Member of the Congress of Deputies
- Incumbent
- Assumed office 17 August 2023
- Constituency: Girona

Personal details
- Born: Marta Madrenas i Mir 1 November 1967 (age 58) Girona, Catalonia, Spain
- Party: Junts (since 2020)
- Other political affiliations: CDC (until 2016) PDeCAT (2016–2017) JxCat (2017–2020)
- Occupation: Politician and lawyer

= Marta Madrenas i Mir =

Spanish politician and lawyer

Marta Madrenas i Mir (born 1 November 1967) is a Spanish politician and lawyer from Catalonia. She was mayor of Girona from 2016 to 2023.
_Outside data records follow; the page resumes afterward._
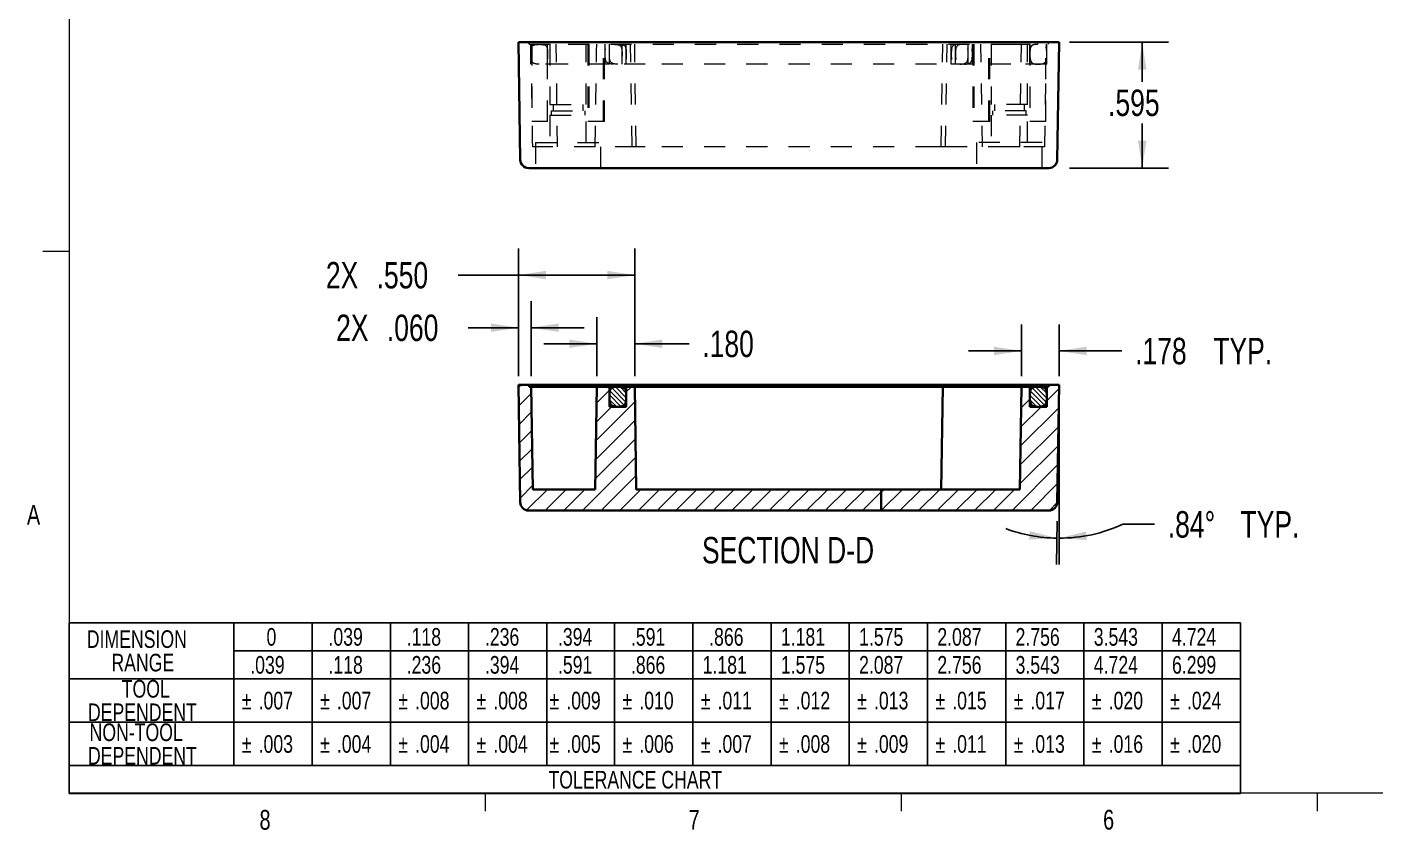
# Model space of a CAD drawing. Header units: inches. Extents: x 0.4 to 16.6, y 0.2 to 10.8.
# Drawn here: x 0.43 to 6.81, y 0.22 to 4.02 of the extents above; entities that cross this region are included whole.
import ezdxf

# ---------------------------------------------------------------- set-up
doc = ezdxf.new("R2010")
doc.units = ezdxf.units.IN
doc.header["$MEASUREMENT"] = 0
doc.linetypes.add('HIDDEN', pattern=[0.075, 0.05, -0.025])
doc.layers.add('SLD-0', color=7, linetype='Continuous')
doc.styles.add('SLDTEXTSTYLE1', font='TXT', dxfattribs={"width": 0.75})
doc.dimstyles.new('SLDDIMSTYLE0', dxfattribs={"dimtxt": 0.125, "dimasz": 0.13, "dimexe": 0, "dimexo": 0.0625, "dimgap": 0.03125, "dimtad": 0, "dimtih": 1, "dimtoh": 1, "dimdec": 3, "dimrnd": 1e-09, "dimzin": 12, "dimdsep": 46, "dimtxsty": 'SLDTEXTSTYLE1', "dimsah": 1, "dimcen": 0.09, "dimadec": 0, "dimazin": 3, "dimtfac": 1, "dimtdec": 3, "dimtofl": 0, "dimtmove": 0, "dimatfit": 3, "dimfxl": 0, "dimfrac": 2, "dimtolj": 1, "dimtzin": 12, "dimarcsym": 0})
doc.dimstyles.new('SLDDIMSTYLE12', dxfattribs={"dimtxt": 0.125, "dimasz": 0.13, "dimexe": 0, "dimexo": 0.0625, "dimgap": 0.03125, "dimtad": 0, "dimtih": 1, "dimtoh": 1, "dimdec": 4, "dimzin": 12, "dimdsep": 46, "dimtxsty": 'SLDTEXTSTYLE1', "dimsah": 1, "dimcen": 0.09, "dimazin": 3, "dimtfac": 1, "dimtofl": 0, "dimtmove": 0, "dimatfit": 3, "dimfxl": 0, "dimfrac": 2, "dimtolj": 1, "dimtzin": 12, "dimarcsym": 0})
doc.dimstyles.new('SLDDIMSTYLE13', dxfattribs={"dimtxt": 0.125, "dimasz": 0.13, "dimexe": 0, "dimexo": 0.0625, "dimgap": 0.03125, "dimtad": 0, "dimtih": 1, "dimtoh": 1, "dimdec": 3, "dimrnd": 1e-09, "dimzin": 4, "dimdsep": 46, "dimtxsty": 'SLDTEXTSTYLE1', "dimsah": 1, "dimcen": 0.09, "dimadec": 0, "dimazin": 1, "dimtfac": 1, "dimtdec": 3, "dimtofl": 0, "dimtmove": 0, "dimatfit": 3, "dimfxl": 0, "dimfrac": 2, "dimtolj": 1, "dimtzin": 12, "dimarcsym": 0})
doc.dimstyles.new('SLDDIMSTYLE3', dxfattribs={"dimtxt": 0.125, "dimasz": 0.13, "dimexe": 0, "dimexo": 0.0625, "dimgap": 0.03125, "dimtad": 0, "dimtih": 1, "dimtoh": 1, "dimdec": 3, "dimrnd": 1e-09, "dimzin": 12, "dimdsep": 46, "dimtxsty": 'SLDTEXTSTYLE1', "dimsah": 1, "dimcen": 0.09, "dimadec": 0, "dimazin": 3, "dimtfac": 1, "dimtdec": 3, "dimtmove": 0, "dimatfit": 0, "dimfxl": 0, "dimfrac": 2, "dimtolj": 1, "dimtzin": 12, "dimarcsym": 0})
doc.dimstyles.new('SLDDIMSTYLE4', dxfattribs={"dimtxt": 0.125, "dimasz": 0.13, "dimexe": 0, "dimexo": 0.0625, "dimgap": 0.03125, "dimtad": 0, "dimtih": 1, "dimtoh": 1, "dimdec": 3, "dimrnd": 1e-09, "dimzin": 4, "dimdsep": 46, "dimtxsty": 'SLDTEXTSTYLE1', "dimsah": 1, "dimcen": 0.09, "dimadec": 0, "dimazin": 1, "dimtfac": 1, "dimtdec": 3, "dimtmove": 0, "dimatfit": 0, "dimfxl": 0, "dimfrac": 2, "dimtolj": 1, "dimtzin": 12, "dimarcsym": 0})

# ---------------------------------------------------------------- blocks, each defined once
blk = doc.blocks.new('SW_TABLEANNOTATION_1')
at = {"layer": 'SLD-0', "color": 0}
for p, q in [((0, 0), (0, -0.8078)), ((5.5423, 0), (0, 0)), ((0.7792, 0), (0.7792, -0.6755)), ((1.1494, 0), (1.1494, -0.6755)), ((1.5196, 0), (1.5196, -0.6755)), ((1.8899, 0), (1.8899, -0.6755)), ((2.2601, 0), (2.2601, -0.6755)), ((2.5807, 0), (2.5807, -0.6755)), ((2.9509, 0), (2.9509, -0.6755)), ((3.3211, 0), (3.3211, -0.6755)), ((3.6913, 0), (3.6913, -0.6755)), ((4.0615, 0), (4.0615, -0.6755)), ((4.4317, 0), (4.4317, -0.6755)), ((4.8019, 0), (4.8019, -0.6755)), ((5.1721, 0), (5.1721, -0.6755)), ((5.5423, -0.8078), (5.5423, 0)), ((0.7792, -0.1323), (5.5423, -0.1323)), ((0, -0.2646), (5.5423, -0.2646)), ((0, -0.4701), (5.5423, -0.4701)), ((0, -0.6755), (5.5423, -0.6755)), ((0, -0.8078), (5.5423, -0.8078))]:
    blk.add_line(p, q, dxfattribs=at)
at = {"layer": 'SLD-0', "color": 0, "attachment_point": 1, "style": 'SLDTEXTSTYLE1'}
for s, insert, char_height in [('DIMENSION', (0.0831, -0.0354), 0.08333), ('0', (0.9336, -0.0248), 0.0833), ('.039', (1.2268, -0.0248), 0.08333), ('.118', (1.597, -0.0248), 0.08333), ('.236', (1.9672, -0.0248), 0.08333), ('.394', (2.3127, -0.0248), 0.08333), ('.591', (2.6581, -0.0248), 0.08333), ('.866', (3.0283, -0.0248), 0.08333), ('1.181', (3.3677, -0.0248), 0.08333), ('1.575', (3.7379, -0.0248), 0.08333), ('2.087', (4.1081, -0.0248), 0.08333), ('2.756', (4.4783, -0.0248), 0.08333), ('3.543', (4.8485, -0.0248), 0.08333), ('4.724', (5.2187, -0.0248), 0.08333), ('RANGE', (0.1996, -0.1465), 0.08333), ('.039', (0.8566, -0.1571), 0.08333), ('.118', (1.2268, -0.1571), 0.08333), ('.236', (1.597, -0.1571), 0.08333), ('.394', (1.9672, -0.1571), 0.08333), ('.591', (2.3127, -0.1571), 0.08333), ('.866', (2.6581, -0.1571), 0.08333), ('1.181', (2.9975, -0.1571), 0.08333), ('1.575', (3.3677, -0.1571), 0.08333), ('2.087', (3.7379, -0.1571), 0.08333), ('2.756', (4.1081, -0.1571), 0.08333), ('3.543', (4.4783, -0.1571), 0.08333), ('4.724', (4.8485, -0.1571), 0.08333), ('6.299', (5.2187, -0.1571), 0.08333), ('TOOL', (0.2485, -0.2704), 0.08333), ('DEPENDENT', (0.0886, -0.3815), 0.08333), ('%%p', (0.8169, -0.326), 0.08333), ('.007', (0.8963, -0.326), 0.08333), ('%%p', (1.1871, -0.326), 0.08333), ('.007', (1.2666, -0.326), 0.08333), ('%%p', (1.5573, -0.326), 0.08333), ('.008', (1.6368, -0.326), 0.08333), ('%%p', (1.9275, -0.326), 0.08333), ('.008', (2.007, -0.326), 0.08333), ('%%p', (2.2729, -0.326), 0.08333), ('.009', (2.3524, -0.326), 0.08333), ('%%p', (2.6184, -0.326), 0.08333), ('.010', (2.6978, -0.326), 0.08333), ('%%p', (2.9886, -0.326), 0.08333), ('.011', (3.068, -0.326), 0.08333), ('%%p', (3.3588, -0.326), 0.08333), ('.012', (3.4382, -0.326), 0.08333), ('%%p', (3.729, -0.326), 0.08333), ('.013', (3.8084, -0.326), 0.08333), ('%%p', (4.0992, -0.326), 0.08333), ('.015', (4.1786, -0.326), 0.08333), ('%%p', (4.4694, -0.326), 0.08333), ('.017', (4.5488, -0.326), 0.08333), ('%%p', (4.8396, -0.326), 0.08333), ('.020', (4.919, -0.326), 0.08333), ('%%p', (5.2098, -0.326), 0.08333), ('.024', (5.2892, -0.326), 0.08333), ('NON-TOOL', (0.0963, -0.4759), 0.08333), ('%%p', (0.8169, -0.5314), 0.08333), ('.003', (0.8963, -0.5314), 0.08333), ('%%p', (1.1871, -0.5314), 0.08333), ('.004', (1.2666, -0.5314), 0.08333), ('%%p', (1.5573, -0.5314), 0.08333), ('.004', (1.6368, -0.5314), 0.08333), ('%%p', (1.9275, -0.5314), 0.08333), ('.004', (2.007, -0.5314), 0.08333), ('%%p', (2.2729, -0.5314), 0.08333), ('.005', (2.3524, -0.5314), 0.08333), ('%%p', (2.6184, -0.5314), 0.08333), ('.006', (2.6978, -0.5314), 0.08333), ('%%p', (2.9886, -0.5314), 0.08333), ('.007', (3.068, -0.5314), 0.08333), ('%%p', (3.3588, -0.5314), 0.08333), ('.008', (3.4382, -0.5314), 0.08333), ('%%p', (3.729, -0.5314), 0.08333), ('.009', (3.8084, -0.5314), 0.08333), ('%%p', (4.0992, -0.5314), 0.08333), ('.011', (4.1786, -0.5314), 0.08333), ('%%p', (4.4694, -0.5314), 0.08333), ('.013', (4.5488, -0.5314), 0.08333), ('%%p', (4.8396, -0.5314), 0.08333), ('.016', (4.919, -0.5314), 0.08333), ('%%p', (5.2098, -0.5314), 0.08333), ('.020', (5.2892, -0.5314), 0.08333), ('DEPENDENT', (0.0886, -0.587), 0.08333), ('TOLERANCE CHART', (2.2679, -0.7003), 0.083333)]:
    blk.add_mtext(s, dxfattribs=dict(at, insert=insert, char_height=char_height))
blk = doc.blocks.new('_D_21')
at = {"layer": 'SLD-0'}
for p, q in [((5.3603, 3.9439), (5.829, 3.9439)), ((5.704, 3.9439), (5.704, 3.7571)), ((5.704, 3.3489), (5.704, 3.5587)), ((5.3603, 3.3489), (5.829, 3.3489))]:
    blk.add_line(p, q, dxfattribs=at)
for points in [[(5.704, 3.9439), (5.684, 3.8139), (5.724, 3.8139)], [(5.704, 3.3489), (5.724, 3.4789), (5.684, 3.4789)]]:
    blk.add_solid(points, dxfattribs=at)
at = {"layer": 'SLD-0', "insert": (5.5424, 3.7199), "char_height": 0.125, "attachment_point": 1, "style": 'SLDTEXTSTYLE1'}
blk.add_mtext('.595', dxfattribs=at)
blk = doc.blocks.new('_D_22')
at = {"layer": 'SLD-0'}
for p, q in [((5.1323, 2.364), (5.1323, 2.6087)), ((5.3103, 2.364), (5.3103, 2.6087)), ((5.1323, 2.4837), (4.8823, 2.4837)), ((5.3103, 2.4837), (5.6078, 2.4837))]:
    blk.add_line(p, q, dxfattribs=at)
for points in [[(5.1323, 2.4837), (5.0023, 2.5037), (5.0023, 2.4637)], [(5.3103, 2.4837), (5.4403, 2.4637), (5.4403, 2.5037)]]:
    blk.add_solid(points, dxfattribs=at)
at = {"layer": 'SLD-0', "char_height": 0.125, "attachment_point": 1, "style": 'SLDTEXTSTYLE1'}
for s, insert in [('.178', (5.6703, 2.5457)), ('TYP.', (6.0403, 2.5457))]:
    blk.add_mtext(s, dxfattribs=dict(at, insert=insert))
blk = doc.blocks.new('_D_23')
at = {"layer": 'SLD-0'}
for p, q in [((2.7523, 2.364), (2.7523, 2.7188)), ((2.8123, 2.364), (2.8123, 2.7188)), ((2.7523, 2.5938), (2.5149, 2.5938)), ((2.8123, 2.5938), (3.0623, 2.5938))]:
    blk.add_line(p, q, dxfattribs=at)
for points in [[(2.7523, 2.5938), (2.6223, 2.6138), (2.6223, 2.5738)], [(2.8123, 2.5938), (2.9423, 2.5738), (2.9423, 2.6138)]]:
    blk.add_solid(points, dxfattribs=at)
at = {"layer": 'SLD-0', "char_height": 0.125, "attachment_point": 1, "style": 'SLDTEXTSTYLE1'}
for s, insert in [('2X', (1.8893, 2.6557)), ('.060', (2.1293, 2.6557))]:
    blk.add_mtext(s, dxfattribs=dict(at, insert=insert))
blk = doc.blocks.new('_D_24')
at = {"layer": 'SLD-0'}
for p, q in [((5.3103, 2.2347), (5.3103, 1.4731)), ((5.3008, 1.6791), (5.2978, 1.4732)), ((5.6124, 1.664), (5.7624, 1.664))]:
    blk.add_line(p, q, dxfattribs=at)
for start, end in [(270, 294.59347), (249.67078, 269.156)]:
    blk.add_arc((5.3103, 2.324), 0.7259, start, end, dxfattribs=at)
for points in [[(5.2996, 1.5982), (5.1724, 1.6315), (5.1683, 1.5917)], [(5.3103, 1.5981), (5.4416, 1.5897), (5.438, 1.6296)]]:
    blk.add_solid(points, dxfattribs=at)
at = {"layer": 'SLD-0', "char_height": 0.125, "attachment_point": 1, "style": 'SLDTEXTSTYLE1'}
for s, insert in [('.84°', (5.8249, 1.726)), ('TYP.', (6.1692, 1.726))]:
    blk.add_mtext(s, dxfattribs=dict(at, insert=insert))
blk = doc.blocks.new('_D_25')
at = {"layer": 'SLD-0'}
for p, q in [((3.1223, 2.364), (3.1223, 2.6428)), ((3.3023, 2.364), (3.3023, 2.6428)), ((3.1223, 2.5178), (2.8723, 2.5178)), ((3.3023, 2.5178), (3.5596, 2.5178))]:
    blk.add_line(p, q, dxfattribs=at)
for points in [[(3.1223, 2.5178), (2.9923, 2.5378), (2.9923, 2.4978)], [(3.3023, 2.5178), (3.4323, 2.4978), (3.4323, 2.5378)]]:
    blk.add_solid(points, dxfattribs=at)
at = {"layer": 'SLD-0', "insert": (3.6221, 2.5798), "char_height": 0.125, "attachment_point": 1, "style": 'SLDTEXTSTYLE1'}
blk.add_mtext('.180', dxfattribs=at)
blk = doc.blocks.new('_D_26')
at = {"layer": 'SLD-0'}
for p, q in [((2.7523, 2.364), (2.7523, 2.9675)), ((3.3023, 2.364), (3.3023, 2.9675)), ((2.7523, 2.8425), (2.4665, 2.8425)), ((3.3023, 2.8425), (2.7523, 2.8425))]:
    blk.add_line(p, q, dxfattribs=at)
for points in [[(2.7523, 2.8425), (2.8823, 2.8225), (2.8823, 2.8625)], [(3.3023, 2.8425), (3.1723, 2.8625), (3.1723, 2.8225)]]:
    blk.add_solid(points, dxfattribs=at)
at = {"layer": 'SLD-0', "char_height": 0.125, "attachment_point": 1, "style": 'SLDTEXTSTYLE1'}
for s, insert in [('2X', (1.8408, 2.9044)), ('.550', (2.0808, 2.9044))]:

In 17 January 2018 she became a member of the Parliament of Catalonia in the 12th term of office for the electoral coalition Together for Catalonia.

In the 2023 Spanish general election, she was elected to the 15th Congress of Deputies from Girona.

== Career ==
Madrenas has a degree in law from the Autonomous University of Barcelona (UAB) and, after completing her higher education, from 2003 to 2010 she was president of the Girona Property Agents' Association and vice-president of the Catalan Council of COAPI.

She is a member of the Democratic Convergence of Catalonia party (CDC). During Carles Puigdemont's term as mayor, she became his trusted auxiliary, appearing as his representative during neighbourhood disputes. In 2011, Puigdemont signed her up to be number three on the list for the Municipal Elections for Girona City Council. After winning the elections, she became the second deputy mayor of Economic Promotion and Employment.

In January 2016, after the sudden investiture of Carles Puigdemont as the new president of the Generalitat of Catalonia, Albert Ballesta became the new mayor of the city and Madrenas continued to head his posts in the city council but adding to them the competence of town planning. Less than three months later, Albert Ballesta resigned due to the problems he had in reaching agreements with the other parties to approve him as mayor. Madrenas became the new mayor of Girona on March 18. In May 2019, Madrenas was elected mayor of Girona for a second term.